» **WORK TO COMPLETE**: Exactly as written, copy the lines of the data below from the first through the one containing "settings RTWCC: Description=Embedded".

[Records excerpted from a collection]
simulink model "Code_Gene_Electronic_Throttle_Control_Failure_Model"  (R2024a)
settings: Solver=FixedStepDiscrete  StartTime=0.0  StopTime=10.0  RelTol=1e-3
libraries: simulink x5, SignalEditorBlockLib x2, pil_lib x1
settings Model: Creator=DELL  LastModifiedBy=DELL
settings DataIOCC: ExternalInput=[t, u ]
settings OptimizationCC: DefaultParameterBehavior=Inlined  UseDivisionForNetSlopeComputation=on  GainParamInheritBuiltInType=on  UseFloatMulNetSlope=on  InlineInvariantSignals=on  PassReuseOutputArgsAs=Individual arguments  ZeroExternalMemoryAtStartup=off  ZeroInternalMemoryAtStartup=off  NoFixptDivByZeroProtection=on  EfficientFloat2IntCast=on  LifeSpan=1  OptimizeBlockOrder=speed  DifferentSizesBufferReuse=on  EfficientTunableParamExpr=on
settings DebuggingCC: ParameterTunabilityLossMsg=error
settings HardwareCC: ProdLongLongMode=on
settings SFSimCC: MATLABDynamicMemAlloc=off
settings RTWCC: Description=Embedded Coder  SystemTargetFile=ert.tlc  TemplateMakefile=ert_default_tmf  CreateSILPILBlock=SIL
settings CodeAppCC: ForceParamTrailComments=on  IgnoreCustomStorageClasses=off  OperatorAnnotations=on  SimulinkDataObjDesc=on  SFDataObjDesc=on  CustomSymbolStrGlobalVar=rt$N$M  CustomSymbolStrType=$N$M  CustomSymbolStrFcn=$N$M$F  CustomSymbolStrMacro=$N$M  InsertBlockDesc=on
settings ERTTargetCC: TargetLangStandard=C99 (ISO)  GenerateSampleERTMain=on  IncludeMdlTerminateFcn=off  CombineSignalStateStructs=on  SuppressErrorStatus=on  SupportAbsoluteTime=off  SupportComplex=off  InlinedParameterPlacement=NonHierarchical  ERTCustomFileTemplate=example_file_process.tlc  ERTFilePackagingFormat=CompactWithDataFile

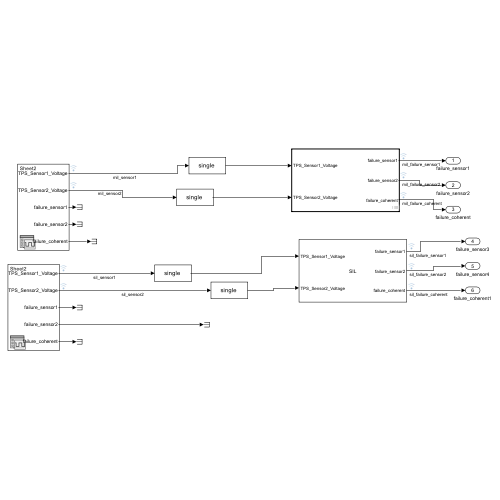
[thumbnail: Simulink's stored preview of the top-level diagram]
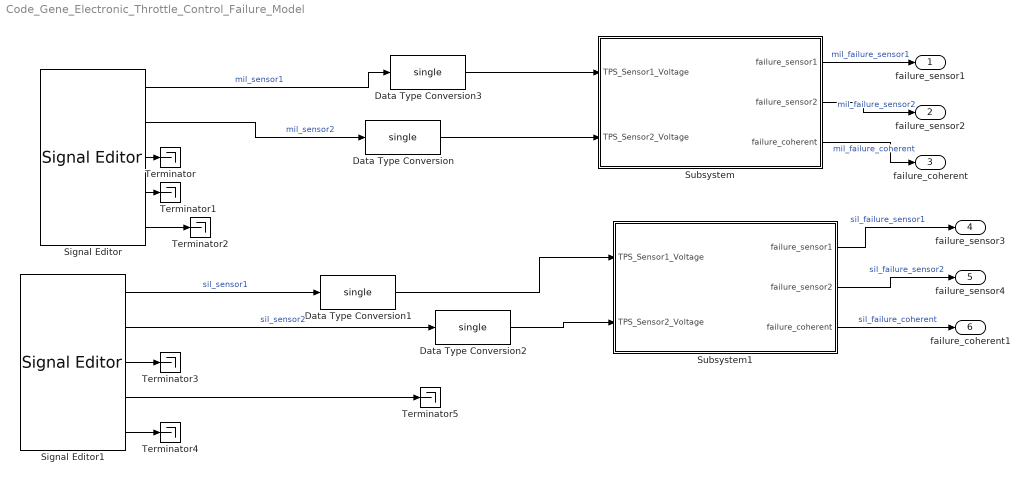
== system Code_Gene_Electronic_Throttle_Control_Failure_Model ==
  Data Type Conversion{,1..3} (4 alike) : DataTypeConversion  OutDataTypeStr=single  SaturateOnIntegerOverflow=off  RndMeth=Floor
  Signal Editor : SignalEditorBlockLib/Signal Editor  FileName=C:\Users\DELL\Desktop\model-based-design\Section9_System_Modelling_Module\tasks\Test_TPS.mat  ActiveScenario=Sheet2  ActiveSignal=TPS_Sensor1_Voltage  IsBus=off  OutputBusObjectStr=Bus: BusObject  SampleTime=0  Interpolate=off  ZeroCross=off  OutputAfterFinalValue=Setting to zero  Unit=inherit  PreserveSignalName=on  ApplySigPropsToAllScenarios=on  ApplySigPropsToAllSignals=off
  Signal Editor1 : SignalEditorBlockLib/Signal Editor  FileName=C:\Users\DELL\Desktop\model-based-design\Section9_System_Modelling_Module\tasks\Test_TPS.mat  ActiveScenario=Sheet2  ActiveSignal=TPS_Sensor1_Voltage  IsBus=off  OutputBusObjectStr=Bus: BusObject  SampleTime=0  Interpolate=off  ZeroCross=off  OutputAfterFinalValue=Setting to zero  Unit=inherit  PreserveSignalName=on  ApplySigPropsToAllScenarios=on  ApplySigPropsToAllSignals=off
  Subsystem : Subsystem  TreatAsAtomicUnit=on
  Subsystem1 : Subsystem  Tag=__SL_testing_harness_stub_  DialogController=pil_create_dialog  LoadFcn=|
      | try
      |    if ~strcmp(rtw.pil.getPILVersion, '24.1 (R2024a)_15')
      |       set_param(gcb, 'DialogController', '');
      |       set_param(gcb, 'DialogControllerArgs', '');
      |    end
      | catch e
      |       set_param(gcb, 'DialogController', '');
      |       set_param(gcb, 'DialogControllerArgs', '');
      | end
      mask help: PIL:pil:XILBlockMaskDesc
      mask Display: disp('SIL');
  Terminator{,1..5} (6 alike) : Terminator
  failure_sensor1 : Outport
  failure_sensor2 : Outport  Port=2
  failure_coherent : Outport  Port=3
  failure_sensor3 : Outport  Port=4
  failure_sensor4 : Outport  Port=5
  failure_coherent1 : Outport  Port=6
  wires:
  Signal Editor/1 -> Data Type Conversion3/1  "mil_sensor1"
  Subsystem/1(failure_sensor1) -> failure_sensor1/1  "mil_failure_sensor1"
  Subsystem/2(failure_sensor2) -> failure_sensor2/1  "mil_failure_sensor2"
  Subsystem/3(failure_coherent) -> failure_coherent/1  "mil_failure_coherent"
  Signal Editor1/1 -> Data Type Conversion1/1  "sil_sensor1"
  Subsystem1/1(failure_sensor1) -> failure_sensor3/1  "sil_failure_sensor1"
  Subsystem1/2(failure_sensor2) -> failure_sensor4/1  "sil_failure_sensor2"
  Subsystem1/3(failure_coherent) -> failure_coherent1/1  "sil_failure_coherent"
  Signal Editor/2 -> Data Type Conversion/1  "mil_sensor2"
  Signal Editor/3 -> Terminator/1
  Signal Editor/4 -> Terminator1/1
  Signal Editor/5 -> Terminator2/1
  Signal Editor1/2 -> Data Type Conversion2/1  "sil_sensor2"
  Signal Editor1/3 -> Terminator3/1
  Signal Editor1/5 -> Terminator4/1
  Signal Editor1/4 -> Terminator5/1
  Data Type Conversion/1 -> Subsystem/2(TPS_Sensor2_Voltage)
  Data Type Conversion1/1 -> Subsystem1/1(TPS_Sensor1_Voltage)
  Data Type Conversion2/1 -> Subsystem1/2(TPS_Sensor2_Voltage)
  Data Type Conversion3/1 -> Subsystem/1(TPS_Sensor1_Voltage)

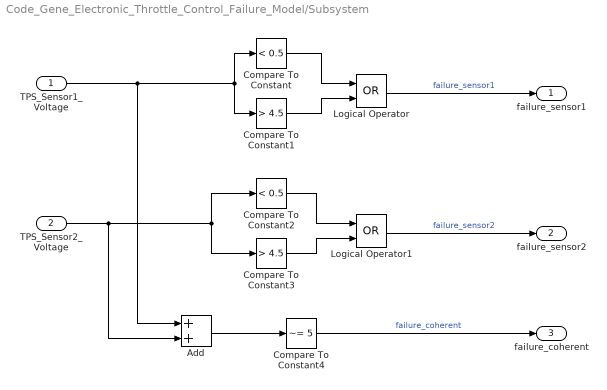
== system Code_Gene_Electronic_Throttle_Control_Failure_Model/Subsystem ==
  TPS_Sensor1_Voltage : Inport  OutDataTypeStr=single
  TPS_Sensor2_Voltage : Inport  Port=2  OutDataTypeStr=single
  Add : Sum
  Compare To Constant : simulink/Logic and Bit Operations/Compare To Constant  relop=<  const=0.5  OutDataTypeStr=boolean
  Compare To Constant1 : simulink/Logic and Bit Operations/Compare To Constant  relop=>  const=4.5  OutDataTypeStr=boolean
  Compare To Constant2 : simulink/Logic and Bit Operations/Compare To Constant  relop=<  const=0.5  OutDataTypeStr=boolean
  Compare To Constant3 : simulink/Logic and Bit Operations/Compare To Constant  relop=>  const=4.5  OutDataTypeStr=boolean  ZeroCross=off
  Compare To Constant4 : simulink/Logic and Bit Operations/Compare To Constant  relop=~=  const=5  OutDataTypeStr=boolean
  Logical Operator : Logic  Operator=OR  AllPortsSameDT=off  OutDataTypeStr=boolean
  Logical Operator1 : Logic  Operator=OR  AllPortsSameDT=off  OutDataTypeStr=boolean
  failure_sensor1 : Outport  OutDataTypeStr=boolean
  failure_sensor2 : Outport  Port=2  OutDataTypeStr=boolean
  failure_coherent : Outport  Port=3  OutDataTypeStr=boolean
  wires:
  Compare To Constant/1 -> Logical Operator/1
  Compare To Constant1/1 -> Logical Operator/2
  Logical Operator/1 -> failure_sensor1/1  "failure_sensor1"
  TPS_Sensor1_Voltage/1 -> Add/1, Compare To Constant/1, Compare To Constant1/1
  TPS_Sensor2_Voltage/1 -> Add/2, Compare To Constant3/1, Compare To Constant2/1
  Compare To Constant2/1 -> Logical Operator1/1
  Compare To Constant3/1 -> Logical Operator1/2
  Logical Operator1/1 -> failure_sensor2/1  "failure_sensor2"
  Add/1 -> Compare To Constant4/1
  Compare To Constant4/1 -> failure_coherent/1  "failure_coherent"

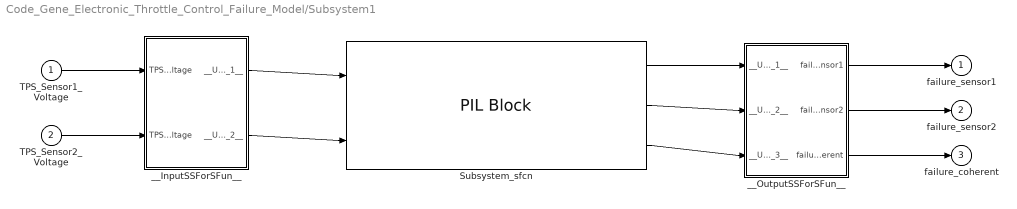
== system Code_Gene_Electronic_Throttle_Control_Failure_Model/Subsystem1 ==
  TPS_Sensor1_Voltage : Inport  OutDataTypeStr=single
  TPS_Sensor2_Voltage : Inport  Port=2  OutDataTypeStr=single
  Subsystem_sfcn : pil_lib/PIL Block  SimulationMode=SIL  IsTopModelPIL=off  CodeDir=Subsystem_ert_rtw  AnchorDir=C:\Users\DELL\Desktop\model-based-design\Section9_System_Modelling_Module\tasks\Code_Gene_Electronic_Throttle_Control_Failure_Model  ConfigName=Software-in-the-Loop (SIL)  XrelIsTopModelCode=on  XrelIsReusable=off  XrelDWorkNames={}  XrelDWorkTypes={}  XrelModelArgVals={}  XrelOrderedParamNames={}  XRelNonFiniteStyle=NONFINITE_UNUSED
  __InputSSForSFun__ : Subsystem
  __OutputSSForSFun__ : Subsystem
  failure_sensor1 : Outport  OutDataTypeStr=boolean
  failure_sensor2 : Outport  Port=2  OutDataTypeStr=boolean
  failure_coherent : Outport  Port=3  OutDataTypeStr=boolean
  wires:
  __OutputSSForSFun__/3(failure_coherent) -> failure_coherent/1
  __OutputSSForSFun__/2(failure_sensor2) -> failure_sensor2/1
  __OutputSSForSFun__/1(failure_sensor1) -> failure_sensor1/1
  Subsystem_sfcn/3 -> __OutputSSForSFun__/3(__UniqueInportName__3__)
  Subsystem_sfcn/2 -> __OutputSSForSFun__/2(__UniqueInportName__2__)
  Subsystem_sfcn/1 -> __OutputSSForSFun__/1(__UniqueInportName__1__)
  __InputSSForSFun__/2(__UniqueOutportName__2__) -> Subsystem_sfcn/2
  __InputSSForSFun__/1(__UniqueOutportName__1__) -> Subsystem_sfcn/1
  TPS_Sensor2_Voltage/1 -> __InputSSForSFun__/2(TPS_Sensor2_Voltage)
  TPS_Sensor1_Voltage/1 -> __InputSSForSFun__/1(TPS_Sensor1_Voltage)

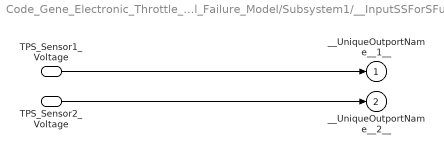
== system Code_Gene_Electronic_Throttle_Control_Failure_Model/Subsystem1/__InputSSForSFun__ ==
  TPS_Sensor1_Voltage : Inport  OutDataTypeStr=single
  TPS_Sensor2_Voltage : Inport  Port=2  OutDataTypeStr=single
  __UniqueOutportName__1__ : Outport
  __UniqueOutportName__2__ : Outport  Port=2
  wires:
  TPS_Sensor2_Voltage/1 -> __UniqueOutportName__2__/1
  TPS_Sensor1_Voltage/1 -> __UniqueOutportName__1__/1

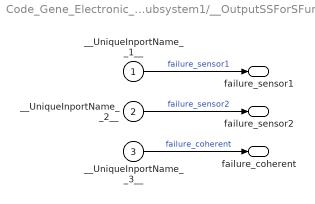
== system Code_Gene_Electronic_Throttle_Control_Failure_Model/Subsystem1/__OutputSSForSFun__ ==
  __UniqueInportName__1__ : Inport
  __UniqueInportName__2__ : Inport  Port=2
  __UniqueInportName__3__ : Inport  Port=3
  failure_sensor1 : Outport  OutDataTypeStr=boolean
  failure_sensor2 : Outport  Port=2  OutDataTypeStr=boolean
  failure_coherent : Outport  Port=3  OutDataTypeStr=boolean
  wires:
  __UniqueInportName__3__/1 -> failure_coherent/1  "failure_coherent"
  __UniqueInportName__2__/1 -> failure_sensor2/1  "failure_sensor2"
  __UniqueInportName__1__/1 -> failure_sensor1/1  "failure_sensor1"

» **EXERCISE ANSWER**:
simulink model "Code_Gene_Electronic_Throttle_Control_Failure_Model"  (R2024a)
settings: Solver=FixedStepDiscrete  StartTime=0.0  StopTime=10.0  RelTol=1e-3
libraries: simulink x5, SignalEditorBlockLib x2, pil_lib x1
settings Model: Creator=DELL  LastModifiedBy=DELL
settings DataIOCC: ExternalInput=[t, u ]
settings OptimizationCC: DefaultParameterBehavior=Inlined  UseDivisionForNetSlopeComputation=on  GainParamInheritBuiltInType=on  UseFloatMulNetSlope=on  InlineInvariantSignals=on  PassReuseOutputArgsAs=Individual arguments  ZeroExternalMemoryAtStartup=off  ZeroInternalMemoryAtStartup=off  NoFixptDivByZeroProtection=on  EfficientFloat2IntCast=on  LifeSpan=1  OptimizeBlockOrder=speed  DifferentSizesBufferReuse=on  EfficientTunableParamExpr=on
settings DebuggingCC: ParameterTunabilityLossMsg=error
settings HardwareCC: ProdLongLongMode=on
settings SFSimCC: MATLABDynamicMemAlloc=off
settings RTWCC: Description=Embedded Coder  SystemTargetFile=ert.tlc  TemplateMakefile=ert_default_tmf  CreateSILPILBlock=SIL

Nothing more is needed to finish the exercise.